There are a few that are willing to understand that our world is so different then yours. You don’t want to believe it is as bad as what we say but in our mind, we are not lying. We are saying what we believe at the moment.
The first step needed to understand my world, is to open your heart and not think so much. When you start to think you compare us to your standards and miss what we are saying. Don’t be mad because we are different, love us because we are the same.
February 23, 2015
The Tears of Dementia will be published after my death. It is a book that travels along the path that no one ever sees because we hide it and only someone living with dementia is strong enough to walk it. There is a dark side of dementia where we live that we dare not speak about.
After my death is the only time I can share my nightmares, my constant thoughts of death and what this disease did to me. You will see the side of me that I fight to hide. That is the only time I will be able to share my weaknesses.
Don’t misunderstand, I am surrounded with love and support but there is a part of my life that the needs are just not being met. Someone will say, tell us so we can help you. Then the pity, judgment and feeling sorry for me begins. The unspoken cruelties of dementia.
We don’t want these, we want dignity and the chance to live a happy life.
February 25, 2015
I’m losing you. Bits and pieces are slowing falling into that void that is slowly becoming my life. I’m trying to hang on because you mean the world to me but I will never win this battle. The horrible, cruel thing about dementia, in my case Alzheimer’s, is that it leaves that little part that haunts me and lets me know that I’m losing you.
I can’t get those memories back because I did not lose them, they were taken from me. It is a permanent lose and one I will never find again. It begins by our life together fading away evan though we are married almost 49 years. The vacations and the good times are still in my heart but not my brain.
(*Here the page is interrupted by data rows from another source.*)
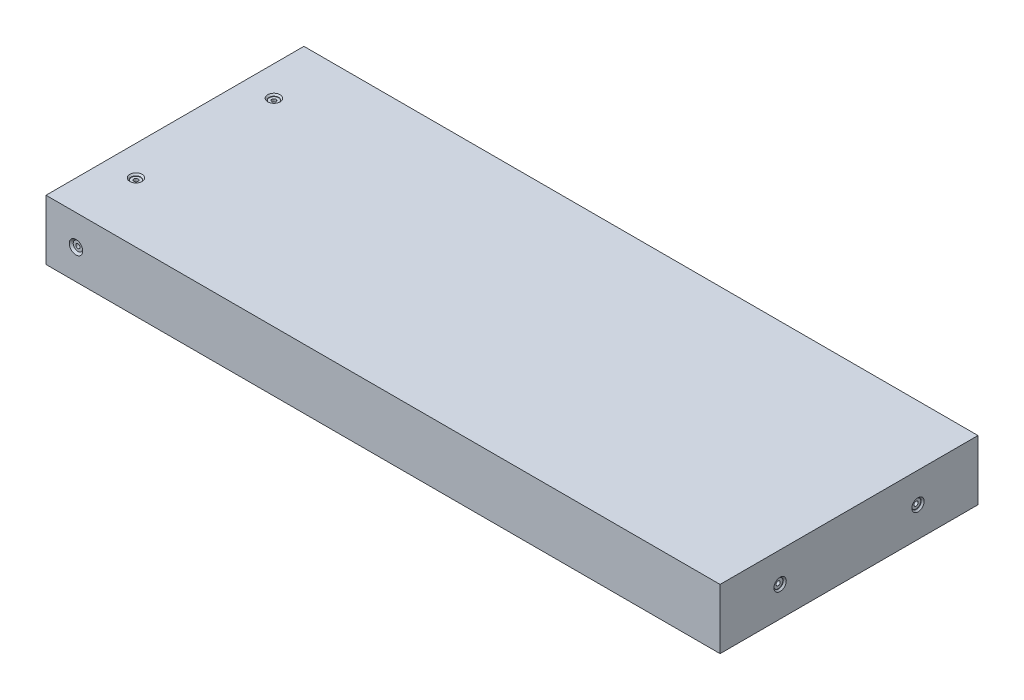
ISO-10303-21;
HEADER;
FILE_DESCRIPTION(('STEP AP214'),'2;1');
FILE_NAME('part.step','',(''),(''),'','','');
FILE_SCHEMA(('AUTOMOTIVE_DESIGN { 1 0 10303 214 1 1 1 1 }'));
ENDSEC;
DATA;
#1=APPLICATION_CONTEXT('core data for automotive mechanical design processes');
#2=APPLICATION_PROTOCOL_DEFINITION('international standard','automotive_design',2000,#1);
#3=PRODUCT_CONTEXT('',#1,'mechanical');
#4=PRODUCT('Part','Part','',(#3));
#5=PRODUCT_RELATED_PRODUCT_CATEGORY('part','',(#4));
#6=PRODUCT_DEFINITION_FORMATION('','',#4);
#7=PRODUCT_DEFINITION_CONTEXT('part definition',#1,'design');
#8=PRODUCT_DEFINITION('design','',#6,#7);
#9=PRODUCT_DEFINITION_SHAPE('','',#8);
#10=(LENGTH_UNIT() NAMED_UNIT(*) SI_UNIT(.MILLI.,.METRE.));
#11=(NAMED_UNIT(*) PLANE_ANGLE_UNIT() SI_UNIT($,.RADIAN.));
#12=(NAMED_UNIT(*) SI_UNIT($,.STERADIAN.) SOLID_ANGLE_UNIT());
#13=UNCERTAINTY_MEASURE_WITH_UNIT(LENGTH_MEASURE(1.E-05),#10,'distance_accuracy_value','');
#14=(GEOMETRIC_REPRESENTATION_CONTEXT(3) GLOBAL_UNCERTAINTY_ASSIGNED_CONTEXT((#13)) GLOBAL_UNIT_ASSIGNED_CONTEXT((#10,
#11,#12)) REPRESENTATION_CONTEXT('',''));
#15=CARTESIAN_POINT('',(0.,0.,0.));
#16=DIRECTION('',(0.,0.,1.));
#17=DIRECTION('',(1.,0.,0.));
#18=AXIS2_PLACEMENT_3D('',#15,#16,#17);
#19=CARTESIAN_POINT('',(-130.,12.7,-54.6));
#20=DIRECTION('',(0.,0.,-1.));
#21=DIRECTION('',(-1.,0.,0.));
#22=AXIS2_PLACEMENT_3D('',#19,#20,#21);
#23=CYLINDRICAL_SURFACE('',#22,0.889000000000001);
#24=CARTESIAN_POINT('',(-130.,12.7,-53.7872));
#25=DIRECTION('',(0.,0.,-1.));
#26=DIRECTION('',(-1.,0.,0.));
#27=AXIS2_PLACEMENT_3D('',#24,#25,#26);
#28=CIRCLE('',#27,0.889000000000001);
#29=CARTESIAN_POINT('',(-130.889,12.7,-53.7872));
#30=VERTEX_POINT('',#29);
#31=EDGE_CURVE('E167',#30,#30,#28,.T.);
#32=ORIENTED_EDGE('',*,*,#31,.T.);
#33=EDGE_LOOP('',(#32));
#34=FACE_BOUND('',#33,.T.);
#35=CARTESIAN_POINT('',(-130.,12.7,-29.1995));
#36=DIRECTION('',(0.,-0.707106781186547,-0.707106781186547));
#37=DIRECTION('',(0.,0.707106781186547,-0.707106781186547));
#38=AXIS2_PLACEMENT_3D('',#35,#36,#37);
#39=ELLIPSE('',#38,1.25723585694968,0.889000000000001);
#40=CARTESIAN_POINT('',(-129.111,12.7,-29.1995));
#41=VERTEX_POINT('',#40);
#42=CARTESIAN_POINT('',(-130.889,12.7,-29.1995));
#43=VERTEX_POINT('',#42);
#44=EDGE_CURVE('E45',#41,#43,#39,.F.);
#45=ORIENTED_EDGE('',*,*,#44,.T.);
#46=CARTESIAN_POINT('',(-130.,12.7,-29.1995));
#47=DIRECTION('',(0.,0.707106781186547,-0.707106781186547));
#48=DIRECTION('',(0.,-0.707106781186547,-0.707106781186547));
#49=AXIS2_PLACEMENT_3D('',#46,#47,#48);
#50=ELLIPSE('',#49,1.25723585694968,0.889000000000001);
#51=EDGE_CURVE('E11',#43,#41,#50,.F.);
#52=ORIENTED_EDGE('',*,*,#51,.T.);
#53=EDGE_LOOP('',(#45,#52));
#54=FACE_BOUND('',#53,.T.);
#55=ADVANCED_FACE('F32',(#34,#54),#23,.F.);
#56=CARTESIAN_POINT('',(-130.,12.7,54.6));
#57=DIRECTION('',(0.,0.,1.));
#58=DIRECTION('',(1.,0.,0.));
#59=AXIS2_PLACEMENT_3D('',#56,#57,#58);
#60=CYLINDRICAL_SURFACE('',#59,0.889000000000001);
#61=CARTESIAN_POINT('',(-130.,12.7,53.7872));
#62=DIRECTION('',(0.,0.,1.));
#63=DIRECTION('',(1.,0.,0.));
#64=AXIS2_PLACEMENT_3D('',#61,#62,#63);
#65=CIRCLE('',#64,0.889000000000001);
#66=CARTESIAN_POINT('',(-129.111,12.7,53.7872));
#67=VERTEX_POINT('',#66);
#68=EDGE_CURVE('E182',#67,#67,#65,.T.);
#69=ORIENTED_EDGE('',*,*,#68,.T.);
#70=EDGE_LOOP('',(#69));
#71=FACE_BOUND('',#70,.T.);
#72=CARTESIAN_POINT('',(-130.,12.7,29.2005));
#73=DIRECTION('',(0.,-0.707106781186547,0.707106781186547));
#74=DIRECTION('',(0.,0.707106781186547,0.707106781186547));
#75=AXIS2_PLACEMENT_3D('',#72,#73,#74);
#76=ELLIPSE('',#75,1.25723585694968,0.889000000000001);
#77=CARTESIAN_POINT('',(-130.889,12.7,29.2005));
#78=VERTEX_POINT('',#77);
#79=CARTESIAN_POINT('',(-129.111,12.7,29.2005));
#80=VERTEX_POINT('',#79);
#81=EDGE_CURVE('E52',#78,#80,#76,.F.);
#82=ORIENTED_EDGE('',*,*,#81,.T.);
#83=CARTESIAN_POINT('',(-130.,12.7,29.2005));
#84=DIRECTION('',(0.,0.707106781186547,0.707106781186547));
#85=DIRECTION('',(0.,-0.707106781186547,0.707106781186547));
#86=AXIS2_PLACEMENT_3D('',#83,#84,#85);
#87=ELLIPSE('',#86,1.25723585694968,0.889000000000001);
#88=EDGE_CURVE('E225',#80,#78,#87,.F.);
#89=ORIENTED_EDGE('',*,*,#88,.T.);
#90=EDGE_LOOP('',(#82,#89));
#91=FACE_BOUND('',#90,.T.);
#92=ADVANCED_FACE('F240',(#71,#91),#60,.F.);
#93=CARTESIAN_POINT('',(142.7,25.4,-54.6));
#94=DIRECTION('',(-1.,0.,0.));
#95=DIRECTION('',(0.,0.,1.));
#96=AXIS2_PLACEMENT_3D('',#93,#94,#95);
#97=PLANE('',#96);
#98=CARTESIAN_POINT('',(142.7,12.7,-29.2005));
#99=DIRECTION('',(1.,0.,0.));
#100=DIRECTION('',(0.,0.,-1.));
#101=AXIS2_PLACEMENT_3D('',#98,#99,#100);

I remember the day we ran away and eloped but not the day our kids were born. I know we had a happy life together because I can see the love that is still in your eyes. It hurts so much when I see you trying to hide the frustrations and pain that this disease is causing us.
I wish I had the answers but I don’t, I only hear you telling me, “we will always share our life together, whatever life brings”. I don’t need to be reminded of this love, it is my very soul.
… and then …
She’s suffering and all I can do is hold her hand. Those words brings tears and I crumble to my knees whenever I hear them. We are helpless and we know it. Dementia will do that to us. There are no words to ease the pain you are feeling. Your loved one may be walking on the portion of the path that you cannot follow.
They are not alone though, no matter what your beliefs are, she is surrounded with the love and comfort only she can feel. We are left behind while she is entering into a world we will never understand until we take that final walk.
She may no longer need the love and support we offer but we sure do. Someone must tell us, we are loved and not alone, and walk with us back into our own reality.
February 27, 2015
For the last half hour I watched a squirrel stealing food out of my bird feeders. I should be angry and chased him away, but I didn’t. Interesting that other birds join him and ate in harmony. Most people would have not given them a second look because of their busy life. They are missing out on the glories of nature and ways to take away the stress we are under.
Alzheimer’s made me open my eyes to the world around me and appreciate the things I took for granted. How many people watched a ant carrying a load twice his size or bees fly between flowers getting the necture inside? The changing and movement of clouds fascinate me and I can get lost in my thoughts.
Some may tell me to get a life but I found inner peace, have you?